QUESTIONED DOCUMENT SECTION
This section conducts examinations and comparisons of forged and questioned documents (see figures 6-7 and 6-8). It also examines and compares handwriting exemplars (samples) made by suspects with handwriting on questioned documents; examines and compares exemplars made on typewriters and check protectors for comparison with questioned documents; and restores or deciphers altered, obliterated or erased writing. The physical matching of cut or torn paper of various types is also conducted by the questioned documents examiner.
Functions
The Questioned Documents Section is responsible for examining and comparinf forged or questioned documents, including:
Anonymous letters
Bills of sale
Checks
Holdup notes
Hotel registers
Narcotic Prescriptions
Pawnshop tickets
Receipts
Traffic citation signatures
Typewritten documents
Wills
FORENSIC PHOTOGRAPHY SECTION
This section performs a very critical service to criminal investigation. Through the use of forensic photography, many items of physical evidence, that are the prime incriminating factors in cases, are graphically depicted in trial courts. (See “Physical Evidence Examples”in Chapter 5 and figures 6-9).
Services Performed:
Crime scene performs documentation and recording
Physical evidence still photography and videotaping
Infrared, ultraviolet and infrared-luminescent photographic examination
Trace evidence photography
Aerial photography
Image enhancement techniques
Specialized identification and surveillance photography
Crime reconstruction, reenactment, etc., via motion picture or videotape procedures
A new forensic camera custom built by the Bureau of Organized Crime and Intelligence, California State Attorney General’s Office. The camera is contained in a briefcase; one corner contains a lens that captures images and transmits them to a remote television via microwaves.
POLYGRAPH SECTION
This section is responsible for the instrumental detection of deception. Note: There is no instrument that detects lies. The instrument commonly called a lie detector is actually a scientific diagnostic instrument (similar to the electrocardiograph) and is referred to in many police circles as the polygraph. A competent examiner can diagnose truth or deception.
Theory of the Examination
It is based on the emotion of fear.
Fear of detection by an untruthful subject will cause physiological changes to occur in the subject’s body at the point of deception.

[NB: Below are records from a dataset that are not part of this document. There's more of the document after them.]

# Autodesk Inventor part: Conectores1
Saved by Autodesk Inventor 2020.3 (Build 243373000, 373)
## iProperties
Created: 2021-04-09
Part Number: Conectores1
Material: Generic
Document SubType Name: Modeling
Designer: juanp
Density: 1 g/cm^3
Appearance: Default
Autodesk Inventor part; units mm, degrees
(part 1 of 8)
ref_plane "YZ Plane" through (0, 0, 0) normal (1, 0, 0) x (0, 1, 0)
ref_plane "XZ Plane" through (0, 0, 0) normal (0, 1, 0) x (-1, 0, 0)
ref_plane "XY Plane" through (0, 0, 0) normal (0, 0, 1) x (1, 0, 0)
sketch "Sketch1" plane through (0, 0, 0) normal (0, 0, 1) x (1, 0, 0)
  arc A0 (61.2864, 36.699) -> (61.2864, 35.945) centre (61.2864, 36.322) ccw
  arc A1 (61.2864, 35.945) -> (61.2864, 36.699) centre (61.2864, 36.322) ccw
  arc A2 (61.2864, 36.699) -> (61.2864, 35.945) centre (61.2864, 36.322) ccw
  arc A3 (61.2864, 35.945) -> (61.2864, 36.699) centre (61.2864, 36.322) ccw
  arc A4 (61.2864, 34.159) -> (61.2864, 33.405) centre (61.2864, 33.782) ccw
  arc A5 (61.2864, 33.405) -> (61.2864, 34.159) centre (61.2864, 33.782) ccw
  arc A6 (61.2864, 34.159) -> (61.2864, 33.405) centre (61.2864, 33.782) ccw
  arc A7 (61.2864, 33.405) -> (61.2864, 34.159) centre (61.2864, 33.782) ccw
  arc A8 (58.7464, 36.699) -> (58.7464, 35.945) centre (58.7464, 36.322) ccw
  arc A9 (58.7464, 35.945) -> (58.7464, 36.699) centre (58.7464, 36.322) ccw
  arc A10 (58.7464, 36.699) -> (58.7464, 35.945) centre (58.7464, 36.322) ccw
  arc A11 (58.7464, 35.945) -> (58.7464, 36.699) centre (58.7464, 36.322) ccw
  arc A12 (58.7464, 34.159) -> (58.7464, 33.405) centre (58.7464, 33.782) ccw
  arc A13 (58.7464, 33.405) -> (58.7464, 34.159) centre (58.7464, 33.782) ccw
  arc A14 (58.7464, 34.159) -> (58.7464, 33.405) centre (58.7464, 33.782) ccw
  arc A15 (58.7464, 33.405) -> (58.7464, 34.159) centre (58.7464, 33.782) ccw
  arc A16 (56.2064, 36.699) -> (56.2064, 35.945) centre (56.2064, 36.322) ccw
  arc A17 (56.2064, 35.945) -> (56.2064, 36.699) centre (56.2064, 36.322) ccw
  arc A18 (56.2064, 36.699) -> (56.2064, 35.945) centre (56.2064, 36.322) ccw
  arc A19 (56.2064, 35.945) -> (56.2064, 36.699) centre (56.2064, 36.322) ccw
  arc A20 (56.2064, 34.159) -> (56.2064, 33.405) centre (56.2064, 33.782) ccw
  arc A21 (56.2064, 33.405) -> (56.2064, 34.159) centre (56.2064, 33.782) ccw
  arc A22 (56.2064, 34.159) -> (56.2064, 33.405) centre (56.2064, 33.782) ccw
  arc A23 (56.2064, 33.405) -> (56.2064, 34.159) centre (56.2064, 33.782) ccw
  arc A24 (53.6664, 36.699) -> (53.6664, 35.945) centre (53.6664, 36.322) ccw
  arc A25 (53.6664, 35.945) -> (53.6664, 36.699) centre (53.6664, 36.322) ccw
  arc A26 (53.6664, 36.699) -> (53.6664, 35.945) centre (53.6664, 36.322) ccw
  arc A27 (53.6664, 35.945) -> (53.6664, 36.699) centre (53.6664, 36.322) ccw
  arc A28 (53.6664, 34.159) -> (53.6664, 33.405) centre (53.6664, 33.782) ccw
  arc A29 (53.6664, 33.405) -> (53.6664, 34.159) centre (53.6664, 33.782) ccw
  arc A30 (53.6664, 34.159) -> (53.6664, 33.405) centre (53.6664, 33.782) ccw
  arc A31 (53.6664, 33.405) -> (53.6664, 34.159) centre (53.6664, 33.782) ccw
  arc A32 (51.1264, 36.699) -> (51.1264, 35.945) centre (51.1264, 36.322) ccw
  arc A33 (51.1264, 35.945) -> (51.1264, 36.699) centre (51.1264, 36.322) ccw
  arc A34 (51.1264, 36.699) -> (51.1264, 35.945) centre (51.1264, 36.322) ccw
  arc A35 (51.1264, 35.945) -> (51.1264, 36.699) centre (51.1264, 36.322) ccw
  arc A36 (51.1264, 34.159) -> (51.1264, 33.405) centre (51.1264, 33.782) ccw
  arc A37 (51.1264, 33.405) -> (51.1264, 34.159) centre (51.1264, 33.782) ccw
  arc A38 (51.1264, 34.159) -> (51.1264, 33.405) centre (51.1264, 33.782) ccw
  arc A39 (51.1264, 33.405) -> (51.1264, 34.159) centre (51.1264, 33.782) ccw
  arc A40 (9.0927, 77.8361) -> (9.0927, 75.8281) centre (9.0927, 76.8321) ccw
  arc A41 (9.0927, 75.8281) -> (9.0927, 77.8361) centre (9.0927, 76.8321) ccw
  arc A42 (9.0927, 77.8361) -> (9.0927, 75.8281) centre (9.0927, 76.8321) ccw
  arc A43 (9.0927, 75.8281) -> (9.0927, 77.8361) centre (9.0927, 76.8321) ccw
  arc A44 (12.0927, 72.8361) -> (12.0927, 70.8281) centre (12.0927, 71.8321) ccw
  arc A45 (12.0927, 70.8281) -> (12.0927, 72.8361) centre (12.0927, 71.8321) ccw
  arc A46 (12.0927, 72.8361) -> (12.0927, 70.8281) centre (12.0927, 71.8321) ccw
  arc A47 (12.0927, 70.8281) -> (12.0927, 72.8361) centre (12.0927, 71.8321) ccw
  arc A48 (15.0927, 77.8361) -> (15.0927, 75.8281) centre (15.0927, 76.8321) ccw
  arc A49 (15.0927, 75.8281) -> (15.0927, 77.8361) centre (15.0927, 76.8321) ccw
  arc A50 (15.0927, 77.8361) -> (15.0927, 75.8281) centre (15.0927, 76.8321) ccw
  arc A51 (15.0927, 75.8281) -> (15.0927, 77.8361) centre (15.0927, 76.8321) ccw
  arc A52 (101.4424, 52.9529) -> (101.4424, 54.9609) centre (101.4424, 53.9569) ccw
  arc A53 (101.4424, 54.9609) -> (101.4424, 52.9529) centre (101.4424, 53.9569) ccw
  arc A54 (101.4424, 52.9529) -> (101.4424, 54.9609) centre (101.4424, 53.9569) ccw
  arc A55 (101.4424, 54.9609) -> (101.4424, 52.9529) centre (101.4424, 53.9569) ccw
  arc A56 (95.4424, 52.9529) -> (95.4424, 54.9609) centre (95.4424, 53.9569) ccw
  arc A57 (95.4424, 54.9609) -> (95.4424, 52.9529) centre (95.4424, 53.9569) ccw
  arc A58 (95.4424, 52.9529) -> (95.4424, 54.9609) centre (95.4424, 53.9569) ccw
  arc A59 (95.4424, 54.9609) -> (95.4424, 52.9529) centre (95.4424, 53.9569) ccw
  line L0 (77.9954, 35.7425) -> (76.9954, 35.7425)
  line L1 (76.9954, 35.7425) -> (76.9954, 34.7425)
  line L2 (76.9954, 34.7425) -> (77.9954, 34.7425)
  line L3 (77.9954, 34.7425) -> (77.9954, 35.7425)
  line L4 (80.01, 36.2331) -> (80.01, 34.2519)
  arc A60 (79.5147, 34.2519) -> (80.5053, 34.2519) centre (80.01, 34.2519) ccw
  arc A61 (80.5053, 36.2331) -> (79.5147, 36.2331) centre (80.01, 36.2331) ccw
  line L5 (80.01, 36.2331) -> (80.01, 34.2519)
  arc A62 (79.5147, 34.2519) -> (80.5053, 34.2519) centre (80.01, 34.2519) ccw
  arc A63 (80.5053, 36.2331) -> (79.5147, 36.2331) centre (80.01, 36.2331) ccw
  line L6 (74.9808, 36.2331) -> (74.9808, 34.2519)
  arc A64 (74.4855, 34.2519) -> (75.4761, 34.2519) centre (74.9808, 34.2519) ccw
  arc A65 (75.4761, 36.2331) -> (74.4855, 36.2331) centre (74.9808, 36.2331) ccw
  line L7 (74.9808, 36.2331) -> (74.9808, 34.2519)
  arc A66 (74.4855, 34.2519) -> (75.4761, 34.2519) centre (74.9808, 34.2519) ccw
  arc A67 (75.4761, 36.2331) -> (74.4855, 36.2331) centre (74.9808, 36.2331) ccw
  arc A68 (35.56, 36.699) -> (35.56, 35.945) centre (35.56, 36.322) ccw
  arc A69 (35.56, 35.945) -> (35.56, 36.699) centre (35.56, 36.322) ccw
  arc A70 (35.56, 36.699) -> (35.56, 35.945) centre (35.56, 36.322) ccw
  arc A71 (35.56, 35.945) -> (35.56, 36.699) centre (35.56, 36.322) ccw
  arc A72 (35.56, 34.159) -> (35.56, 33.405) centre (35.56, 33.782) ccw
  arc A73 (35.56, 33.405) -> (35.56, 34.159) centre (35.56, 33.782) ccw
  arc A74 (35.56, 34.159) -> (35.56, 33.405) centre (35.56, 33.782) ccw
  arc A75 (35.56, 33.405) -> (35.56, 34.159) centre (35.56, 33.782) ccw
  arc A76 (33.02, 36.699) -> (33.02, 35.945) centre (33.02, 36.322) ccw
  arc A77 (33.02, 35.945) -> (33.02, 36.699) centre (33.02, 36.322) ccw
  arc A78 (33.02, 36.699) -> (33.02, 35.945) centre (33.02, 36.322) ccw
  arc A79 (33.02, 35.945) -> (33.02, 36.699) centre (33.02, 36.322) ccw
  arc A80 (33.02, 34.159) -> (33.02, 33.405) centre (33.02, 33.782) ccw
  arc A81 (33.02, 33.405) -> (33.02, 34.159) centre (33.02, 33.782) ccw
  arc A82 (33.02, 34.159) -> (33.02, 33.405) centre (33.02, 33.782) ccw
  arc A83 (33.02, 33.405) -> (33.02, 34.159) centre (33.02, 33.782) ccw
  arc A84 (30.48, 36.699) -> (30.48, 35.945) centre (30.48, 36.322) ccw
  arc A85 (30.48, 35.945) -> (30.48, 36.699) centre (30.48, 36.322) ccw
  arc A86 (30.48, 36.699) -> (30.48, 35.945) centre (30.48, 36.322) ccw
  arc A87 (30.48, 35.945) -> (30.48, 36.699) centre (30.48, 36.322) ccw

Physiological changes can be diagnosed by a trained, competent examiner.
The subject must have something to gain or lose by submitting to the examination.
Components of the Polygraph
The pneumograph component: records changes in respiration.
The galvanograph component: records changes in the electrical resistance of the skin.
The cardiosphygmograph component: records changes in blood pressure and pulse rate.
The kymograph components: move the chart paper at the timed rate of speed, under the pens of the other three components.
Basic Uses of the Polygraph
The polygraph is an excellent aid and a valuable tool if properly utilized during the conducting of an investigation.
The polygraph, however, will never be able to take the place of good, measure, upon the thoroughness of the investigation prior to having a subject take the examination.
In criminal investigation, examinations will be conducted upon suspect, victims, witnesses and informants.